━━━ EXCERPTED RECORDS ━━━
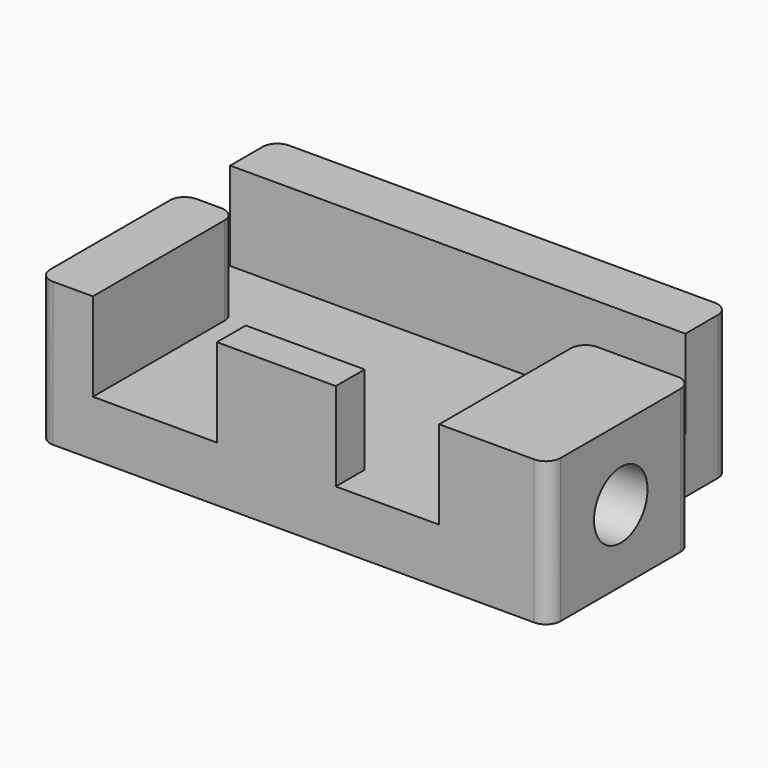
from build123d import *

# Parameters (mm, degrees)
F0_W     = 39.243
F0_H     = 25.4254
F1_DEPTH = 4.7625
F2_W     = 4.69392
F2_H     = 15.4432
F2_W_2   = 10.2489
F2_H_2   = 3.1115
F2_W_3   = 39.243
F2_H_3   = 4.7625
F3_DEPTH = 7.62
F5_DEPTH = 4.7625
F7_D     = 5.7658
F7_DEPTH = 4.7625
F7_TIP   = 1.7322210786
F8_R     = 1.27


# Not quite as in the source:
# - a length typed as a fraction of an inch, garbled in the dataset ("3 / 203.2 mm" for 3/8 in), is restored


with BuildPart() as f1:
    # F0 (on Top) → F1 (new body)
    with BuildSketch(Plane.XY):
        Rectangle(F0_W, F0_H)
    extrude(amount=F1_DEPTH)

    # F2 (on face) → F3 (join)
    with BuildSketch(Plane.XY.offset(4.7625)):
        with Locations((-17.27454, -4.9911)):
            Rectangle(F2_W, F2_H)
        with Locations((17.27454, -4.9911)):
            Rectangle(F2_W, F2_H)
        with Locations((0.89027, -11.15695)):
            Rectangle(F2_W_2, F2_H_2)
        with Locations((0, 10.33145)):
            Rectangle(F2_W_3, F2_H_3)
    extrude(amount=F3_DEPTH)

    # F4 (on face) → F5 (join)
    with BuildSketch(Plane.YZ.offset(19.6215)):
        Polygon((2.7305, 4.7625), (2.7305, 12.3825), (-12.7127, 12.3825), (-12.7127, 0), (2.7305, 0), align=None)
    extrude(amount=F5_DEPTH)

    # F7
    with Locations(Plane.YZ.offset(24.384)):
        with Locations((-4.9657, 6.19125)):
            Hole(F7_D / 2, depth=F7_DEPTH)
            with Locations((0, 0, -(F7_DEPTH + F7_TIP / 2))):  # 118° drill point
                Cone(0, F7_D / 2, F7_TIP, mode=Mode.SUBTRACT)

    # F8
    f8_edges = [f1.edges().sort_by_distance(p)[0] for p in [
        (-14.92758, 2.7305, 8.5725),
        (14.92758, 2.7305, 8.5725),
        (-19.6215, -12.7127, 6.19125),
        (24.384, -12.7127, 6.19125),
        (24.384, 2.7305, 6.19125),
        (19.6215, 12.7127, 6.19125),
        (-19.6215, 12.7127, 6.19125),
        (-19.6215, 2.7305, 8.5725),
    ]]
    fillet(f8_edges, radius=F8_R)


solid = f1.part
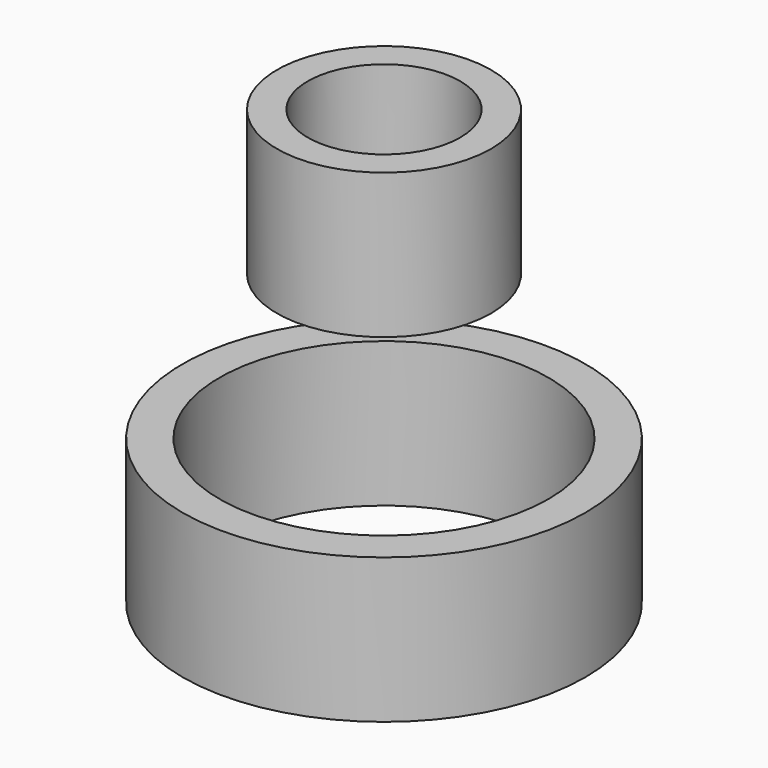
from build123d import *

# Parameters (mm, degrees)
F0_R     = 35.3264234519
F0_R_2   = 28.8496672687
F1_DEPTH = 25.4
F3_R     = 18.7767042544
F3_R_2   = 13.3768660961
F4_DEPTH = 25.4


# Not quite as in the source:
# - the program builds the solid bodies; features that only make, move or delete a surface that nothing else refers to are left out


with BuildPart() as f1:
    # F0 (on Top) → F1 (new body)
    with BuildSketch(Plane.XY):
        Circle(F0_R)
        Circle(F0_R_2, mode=Mode.SUBTRACT)
    extrude(amount=F1_DEPTH)


with BuildPart() as f4:
    # F3 (on offset) → F4 (new body)
    with BuildSketch(Plane.XY.offset(50.8)):
        Circle(F3_R)
        Circle(F3_R_2, mode=Mode.SUBTRACT)
    extrude(amount=F4_DEPTH)


solid = Compound([f1.part, f4.part])
━━━
EXERCISE OBJECTIVE:
Leave out the pictures and reproduce the rest of the records exactly.

YOUR SOLUTION:
from build123d import *

# Parameters (mm, degrees)
F0_W     = 39.243
F0_H     = 25.4254
F1_DEPTH = 4.7625
F2_W     = 4.69392
F2_H     = 15.4432
F2_W_2   = 10.2489
F2_H_2   = 3.1115
F2_W_3   = 39.243
F2_H_3   = 4.7625
F3_DEPTH = 7.62
F5_DEPTH = 4.7625
F7_D     = 5.7658
F7_DEPTH = 4.7625
F7_TIP   = 1.7322210786
F8_R     = 1.27


# Not quite as in the source:
# - a length typed as a fraction of an inch, garbled in the dataset ("3 / 203.2 mm" for 3/8 in), is restored


with BuildPart() as f1:
    # F0 (on Top) → F1 (new body)
    with BuildSketch(Plane.XY):
        Rectangle(F0_W, F0_H)
    extrude(amount=F1_DEPTH)

    # F2 (on face) → F3 (join)
    with BuildSketch(Plane.XY.offset(4.7625)):
        with Locations((-17.27454, -4.9911)):
            Rectangle(F2_W, F2_H)
        with Locations((17.27454, -4.9911)):
            Rectangle(F2_W, F2_H)
        with Locations((0.89027, -11.15695)):
            Rectangle(F2_W_2, F2_H_2)
        with Locations((0, 10.33145)):
            Rectangle(F2_W_3, F2_H_3)
    extrude(amount=F3_DEPTH)

    # F4 (on face) → F5 (join)
    with BuildSketch(Plane.YZ.offset(19.6215)):
        Polygon((2.7305, 4.7625), (2.7305, 12.3825), (-12.7127, 12.3825), (-12.7127, 0), (2.7305, 0), align=None)
    extrude(amount=F5_DEPTH)

    # F7
    with Locations(Plane.YZ.offset(24.384)):
        with Locations((-4.9657, 6.19125)):
            Hole(F7_D / 2, depth=F7_DEPTH)
            with Locations((0, 0, -(F7_DEPTH + F7_TIP / 2))):  # 118° drill point
                Cone(0, F7_D / 2, F7_TIP, mode=Mode.SUBTRACT)

    # F8
    f8_edges = [f1.edges().sort_by_distance(p)[0] for p in [
        (-14.92758, 2.7305, 8.5725),
        (14.92758, 2.7305, 8.5725),
        (-19.6215, -12.7127, 6.19125),
        (24.384, -12.7127, 6.19125),
        (24.384, 2.7305, 6.19125),
        (19.6215, 12.7127, 6.19125),
        (-19.6215, 12.7127, 6.19125),
        (-19.6215, 2.7305, 8.5725),
    ]]
    fillet(f8_edges, radius=F8_R)


solid = f1.part
from build123d import *

# Parameters (mm, degrees)
F0_R     = 35.3264234519
F0_R_2   = 28.8496672687
F1_DEPTH = 25.4
F3_R     = 18.7767042544
F3_R_2   = 13.3768660961
F4_DEPTH = 25.4


# Not quite as in the source:
# - the program builds the solid bodies; features that only make, move or delete a surface that nothing else refers to are left out


with BuildPart() as f1:
    # F0 (on Top) → F1 (new body)
    with BuildSketch(Plane.XY):
        Circle(F0_R)
        Circle(F0_R_2, mode=Mode.SUBTRACT)
    extrude(amount=F1_DEPTH)


with BuildPart() as f4:
    # F3 (on offset) → F4 (new body)
    with BuildSketch(Plane.XY.offset(50.8)):
        Circle(F3_R)
        Circle(F3_R_2, mode=Mode.SUBTRACT)
    extrude(amount=F4_DEPTH)


solid = Compound([f1.part, f4.part])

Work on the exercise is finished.